Problem statement: Look for the word "diagram" in the material below, then report each line where it occurs.
Start of Supplied information
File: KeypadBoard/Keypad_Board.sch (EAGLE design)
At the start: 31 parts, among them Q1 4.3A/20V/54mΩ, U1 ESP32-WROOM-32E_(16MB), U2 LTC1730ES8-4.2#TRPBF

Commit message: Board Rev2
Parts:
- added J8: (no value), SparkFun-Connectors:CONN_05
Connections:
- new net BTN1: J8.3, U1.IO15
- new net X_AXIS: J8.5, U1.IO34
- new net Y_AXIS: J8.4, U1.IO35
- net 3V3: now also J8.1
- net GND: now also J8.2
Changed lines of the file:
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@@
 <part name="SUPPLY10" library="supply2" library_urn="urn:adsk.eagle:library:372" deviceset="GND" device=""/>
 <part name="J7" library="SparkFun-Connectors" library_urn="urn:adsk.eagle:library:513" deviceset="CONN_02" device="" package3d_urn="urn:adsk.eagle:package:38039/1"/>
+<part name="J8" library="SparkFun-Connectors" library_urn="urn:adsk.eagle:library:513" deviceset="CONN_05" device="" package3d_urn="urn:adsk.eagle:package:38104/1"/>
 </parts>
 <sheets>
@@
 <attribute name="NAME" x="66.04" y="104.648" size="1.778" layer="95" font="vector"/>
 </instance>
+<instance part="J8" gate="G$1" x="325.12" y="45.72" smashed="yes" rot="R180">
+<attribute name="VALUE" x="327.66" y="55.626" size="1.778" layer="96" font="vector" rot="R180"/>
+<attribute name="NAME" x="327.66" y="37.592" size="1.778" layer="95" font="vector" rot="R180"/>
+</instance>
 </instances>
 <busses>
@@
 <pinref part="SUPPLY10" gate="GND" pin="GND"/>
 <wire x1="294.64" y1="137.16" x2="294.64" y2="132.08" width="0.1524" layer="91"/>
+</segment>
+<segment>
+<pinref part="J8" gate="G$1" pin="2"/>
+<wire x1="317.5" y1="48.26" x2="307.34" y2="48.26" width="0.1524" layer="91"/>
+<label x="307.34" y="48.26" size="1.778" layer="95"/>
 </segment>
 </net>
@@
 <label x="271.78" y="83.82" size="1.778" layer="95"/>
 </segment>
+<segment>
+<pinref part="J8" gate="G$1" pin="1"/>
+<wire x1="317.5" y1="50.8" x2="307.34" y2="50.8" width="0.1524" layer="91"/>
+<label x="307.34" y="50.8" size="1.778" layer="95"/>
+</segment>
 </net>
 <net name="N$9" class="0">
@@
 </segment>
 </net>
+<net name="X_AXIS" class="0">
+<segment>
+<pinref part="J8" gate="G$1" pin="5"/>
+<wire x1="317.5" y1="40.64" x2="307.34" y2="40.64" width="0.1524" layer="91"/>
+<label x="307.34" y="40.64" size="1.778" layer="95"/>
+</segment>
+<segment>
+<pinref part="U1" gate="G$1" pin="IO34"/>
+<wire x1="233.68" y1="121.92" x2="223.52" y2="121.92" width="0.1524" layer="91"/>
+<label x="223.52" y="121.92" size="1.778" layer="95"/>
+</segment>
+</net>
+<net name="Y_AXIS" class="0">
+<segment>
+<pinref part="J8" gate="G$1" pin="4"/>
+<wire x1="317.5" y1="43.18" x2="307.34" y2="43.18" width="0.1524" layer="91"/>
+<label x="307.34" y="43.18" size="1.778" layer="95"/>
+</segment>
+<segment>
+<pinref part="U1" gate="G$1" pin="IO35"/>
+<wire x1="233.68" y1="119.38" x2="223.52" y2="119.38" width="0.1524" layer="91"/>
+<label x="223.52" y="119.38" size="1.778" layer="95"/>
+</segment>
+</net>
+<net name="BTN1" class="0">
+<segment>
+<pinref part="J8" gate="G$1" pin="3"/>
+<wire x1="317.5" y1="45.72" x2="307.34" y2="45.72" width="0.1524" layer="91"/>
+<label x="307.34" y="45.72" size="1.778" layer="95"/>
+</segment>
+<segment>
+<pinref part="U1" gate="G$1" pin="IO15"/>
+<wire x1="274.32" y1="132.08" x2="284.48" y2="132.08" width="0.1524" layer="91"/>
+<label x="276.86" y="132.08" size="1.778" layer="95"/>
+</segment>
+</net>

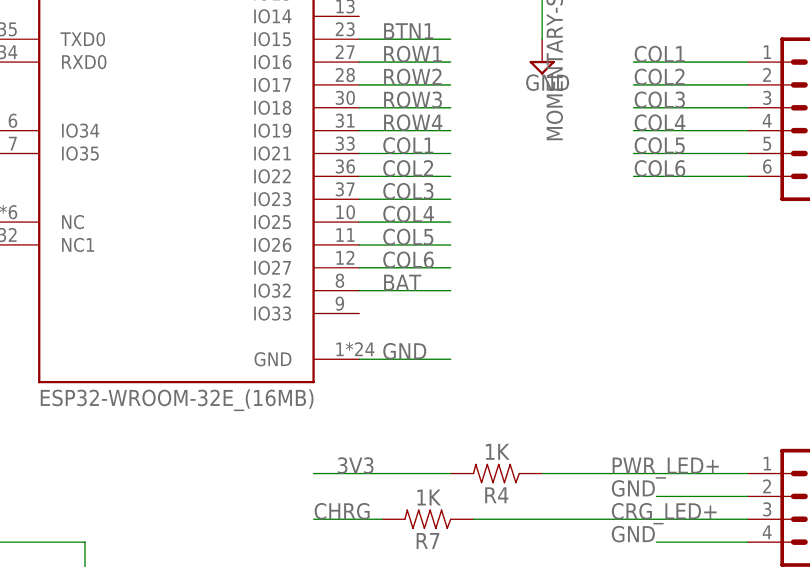
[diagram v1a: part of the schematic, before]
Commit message: Board updates - ADC OverVoltage fix
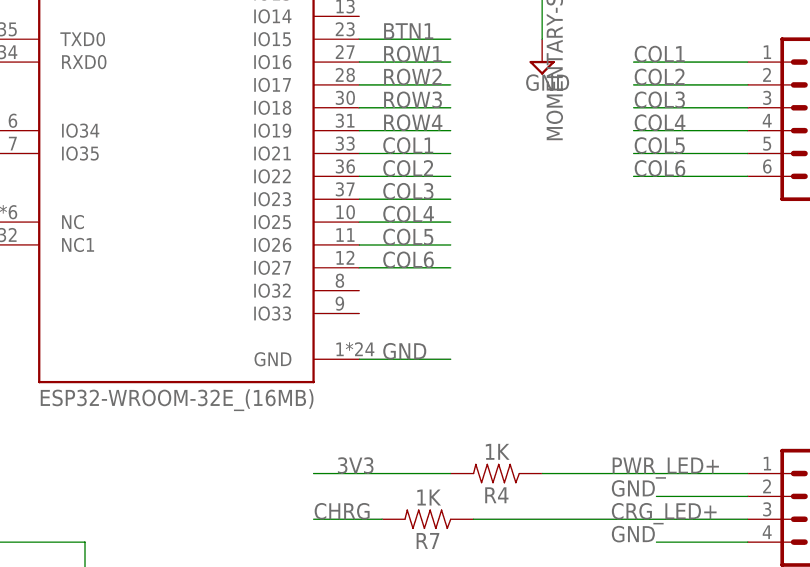
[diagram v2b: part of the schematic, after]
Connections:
- net BAT: no longer U1.IO32
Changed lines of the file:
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@@
 <net name="BAT" class="0">
-<segment>
-<pinref part="U1" gate="G$1" pin="IO32"/>
-<wire x1="274.32" y1="104.14" x2="284.48" y2="104.14" width="0.1524" layer="91"/>
-<label x="276.86" y="104.14" size="1.778" layer="95"/>
-</segment>
 <segment>
 <pinref part="U2" gate="G$1" pin="BAT"/>

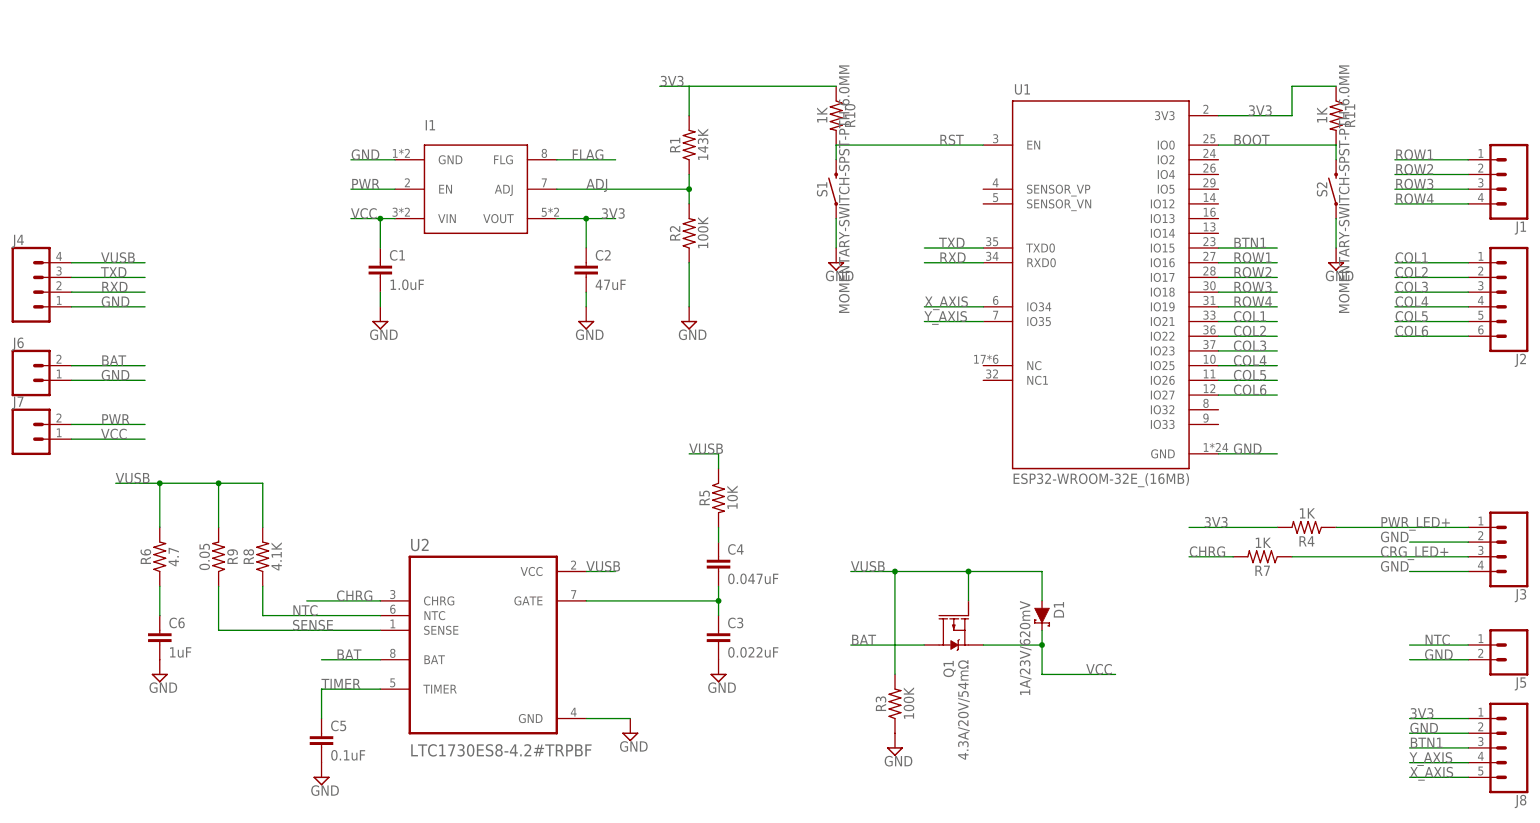
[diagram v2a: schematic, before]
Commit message: Added battery level monitoring and charge LED
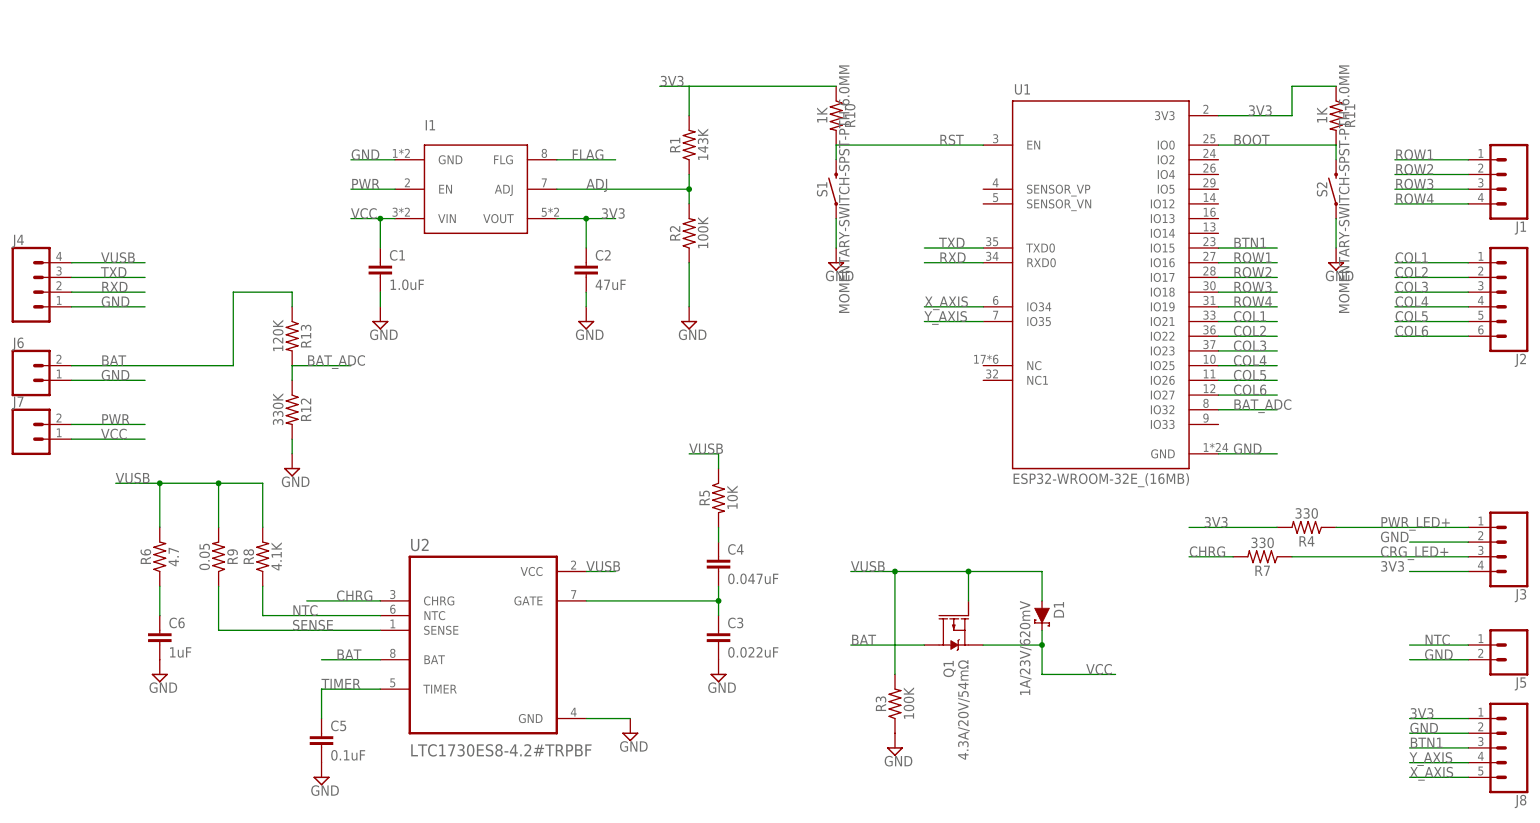
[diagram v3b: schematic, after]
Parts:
- added R12: 330K, SparkFun-Resistors:0.22OHM-0805-1/4W-1%
- added R13: 120K, SparkFun-Resistors:0.22OHM-0805-1/4W-1%
- R4, R7: value 1K -> 330
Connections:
- new net BAT_ADC: R12.1, R13.2, U1.IO32
- net 3V3: now also J3.4
- net BAT: now also R13.1
- net GND: now also R12.2; no longer J3.4
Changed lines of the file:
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@@
 <part name="C5" library="SparkFun-Capacitors" library_urn="urn:adsk.eagle:library:510" deviceset="0.22UF" device="-0603-50V-(-20/+80%)" package3d_urn="urn:adsk.eagle:package:37414/1" value="0.1uF"/>
 <part name="C6" library="SparkFun-Capacitors" library_urn="urn:adsk.eagle:library:510" deviceset="0.22UF" device="-0603-50V-(-20/+80%)" package3d_urn="urn:adsk.eagle:package:37414/1" value="1uF"/>
-<part name="R4" library="SparkFun-Resistors" library_urn="urn:adsk.eagle:library:532" deviceset="0.22OHM" device="-0805-1/4W-1%" package3d_urn="urn:adsk.eagle:package:39651/1" value="1K"/>
+<part name="R4" library="SparkFun-Resistors" library_urn="urn:adsk.eagle:library:532" deviceset="0.22OHM" device="-0805-1/4W-1%" package3d_urn="urn:adsk.eagle:package:39651/1" value="330"/>
 <part name="R5" library="SparkFun-Resistors" library_urn="urn:adsk.eagle:library:532" deviceset="0.22OHM" device="-0805-1/4W-1%" package3d_urn="urn:adsk.eagle:package:39651/1" value="10K"/>
 <part name="R6" library="SparkFun-Resistors" library_urn="urn:adsk.eagle:library:532" deviceset="0.05OHM" device="-0603-1/5W-1%" package3d_urn="urn:adsk.eagle:package:39650/1" value="4.7"/>
@@
 <part name="J4" library="SparkFun-Connectors" library_urn="urn:adsk.eagle:library:513" deviceset="CONN_04" device="" package3d_urn="urn:adsk.eagle:package:38085/1"/>
 <part name="J6" library="SparkFun-Connectors" library_urn="urn:adsk.eagle:library:513" deviceset="CONN_02" device="" package3d_urn="urn:adsk.eagle:package:38039/1"/>
-<part name="R7" library="SparkFun-Resistors" library_urn="urn:adsk.eagle:library:532" deviceset="0.22OHM" device="-0805-1/4W-1%" package3d_urn="urn:adsk.eagle:package:39651/1" value="1K"/>
+<part name="R7" library="SparkFun-Resistors" library_urn="urn:adsk.eagle:library:532" deviceset="0.22OHM" device="-0805-1/4W-1%" package3d_urn="urn:adsk.eagle:package:39651/1" value="330"/>
 <part name="R10" library="SparkFun-Resistors" library_urn="urn:adsk.eagle:library:532" deviceset="0.22OHM" device="-0805-1/4W-1%" package3d_urn="urn:adsk.eagle:package:39651/1" value="1K"/>
 <part name="R11" library="SparkFun-Resistors" library_urn="urn:adsk.eagle:library:532" deviceset="0.22OHM" device="-0805-1/4W-1%" package3d_urn="urn:adsk.eagle:package:39651/1" value="1K"/>
@@
 <part name="J7" library="SparkFun-Connectors" library_urn="urn:adsk.eagle:library:513" deviceset="CONN_02" device="" package3d_urn="urn:adsk.eagle:package:38039/1"/>
 <part name="J8" library="SparkFun-Connectors" library_urn="urn:adsk.eagle:library:513" deviceset="CONN_05" device="" package3d_urn="urn:adsk.eagle:package:38104/1"/>
+<part name="R12" library="SparkFun-Resistors" library_urn="urn:adsk.eagle:library:532" deviceset="0.22OHM" device="-0805-1/4W-1%" package3d_urn="urn:adsk.eagle:package:39651/1" value="330K"/>
+<part name="R13" library="SparkFun-Resistors" library_urn="urn:adsk.eagle:library:532" deviceset="0.22OHM" device="-0805-1/4W-1%" package3d_urn="urn:adsk.eagle:package:39651/1" value="120K"/>
+<part name="SUPPLY11" library="supply2" library_urn="urn:adsk.eagle:library:372" deviceset="GND" device=""/>
 </parts>
 <sheets>
@@
 <attribute name="NAME" x="327.66" y="37.592" size="1.778" layer="95" font="vector" rot="R180"/>
 </instance>
+<instance part="R12" gate="G$1" x="114.3" y="104.14" smashed="yes" rot="R270">
+<attribute name="NAME" x="115.824" y="104.14" size="1.778" layer="95" font="vector" rot="R270" align="bottom-center"/>
+<attribute name="VALUE" x="112.776" y="104.14" size="1.778" layer="96" font="vector" rot="R270" align="top-center"/>
+</instance>
+<instance part="R13" gate="G$1" x="114.3" y="116.84" smashed="yes" rot="R270">
+<attribute name="NAME" x="115.824" y="116.84" size="1.778" layer="95" font="vector" rot="R270" align="bottom-center"/>
+<attribute name="VALUE" x="112.776" y="116.84" size="1.778" layer="96" font="vector" rot="R270" align="top-center"/>
+</instance>
+<instance part="SUPPLY11" gate="GND" x="114.3" y="93.98" smashed="yes">
+<attribute name="VALUE" x="112.395" y="90.805" size="1.778" layer="96"/>
+</instance>
 </instances>
 <busses>
@@
 </segment>
 <segment>
-<pinref part="J3" gate="G$1" pin="4"/>
-<wire x1="317.5" y1="76.2" x2="307.34" y2="76.2" width="0.1524" layer="91"/>
-<label x="302.26" y="76.2" size="1.778" layer="95"/>
-</segment>
-<segment>
 <pinref part="SUPPLY9" gate="GND" pin="GND"/>
 <pinref part="S1" gate="G$1" pin="1"/>
@@
 <label x="307.34" y="48.26" size="1.778" layer="95"/>
 </segment>
+<segment>
+<pinref part="SUPPLY11" gate="GND" pin="GND"/>
+<pinref part="R12" gate="G$1" pin="2"/>
+<wire x1="114.3" y1="96.52" x2="114.3" y2="99.06" width="0.1524" layer="91"/>
+</segment>
 </net>
 <net name="BAT" class="0">
@@
 <segment>
 <pinref part="J6" gate="G$1" pin="2"/>
-<wire x1="76.2" y1="111.76" x2="88.9" y2="111.76" width="0.1524" layer="91"/>
 <label x="81.28" y="111.76" size="1.778" layer="95"/>
+<pinref part="R13" gate="G$1" pin="1"/>
+<wire x1="114.3" y1="121.92" x2="114.3" y2="124.46" width="0.1524" layer="91"/>
+<wire x1="114.3" y1="124.46" x2="104.14" y2="124.46" width="0.1524" layer="91"/>
+<wire x1="104.14" y1="124.46" x2="104.14" y2="111.76" width="0.1524" layer="91"/>
+<wire x1="104.14" y1="111.76" x2="76.2" y2="111.76" width="0.1524" layer="91"/>
 </segment>
 </net>
@@
 <label x="307.34" y="50.8" size="1.778" layer="95"/>
 </segment>
+<segment>
+<pinref part="J3" gate="G$1" pin="4"/>
+<wire x1="317.5" y1="76.2" x2="307.34" y2="76.2" width="0.1524" layer="91"/>
+<label x="302.26" y="76.2" size="1.778" layer="95"/>
+</segment>
 </net>
 <net name="N$9" class="0">
@@
 </segment>
 </net>
+<net name="BAT_ADC" class="0">
+<segment>
+<pinref part="R12" gate="G$1" pin="1"/>
+<pinref part="R13" gate="G$1" pin="2"/>
+<wire x1="114.3" y1="109.22" x2="114.3" y2="111.76" width="0.1524" layer="91"/>
+<wire x1="114.3" y1="111.76" x2="124.46" y2="111.76" width="0.1524" layer="91"/>
+<label x="116.84" y="111.76" size="1.778" layer="95"/>
+</segment>
+<segment>
+<pinref part="U1" gate="G$1" pin="IO32"/>
+<wire x1="274.32" y1="104.14" x2="284.48" y2="104.14" width="0.1524" layer="91"/>
+<label x="276.86" y="104.14" size="1.778" layer="95"/>
+</segment>
+</net>
End of Supplied information
Result:
[diagram v1a: part of the schematic, before]
[diagram v2b: part of the schematic, after]
[diagram v2a: schematic, before]
[diagram v3b: schematic, after]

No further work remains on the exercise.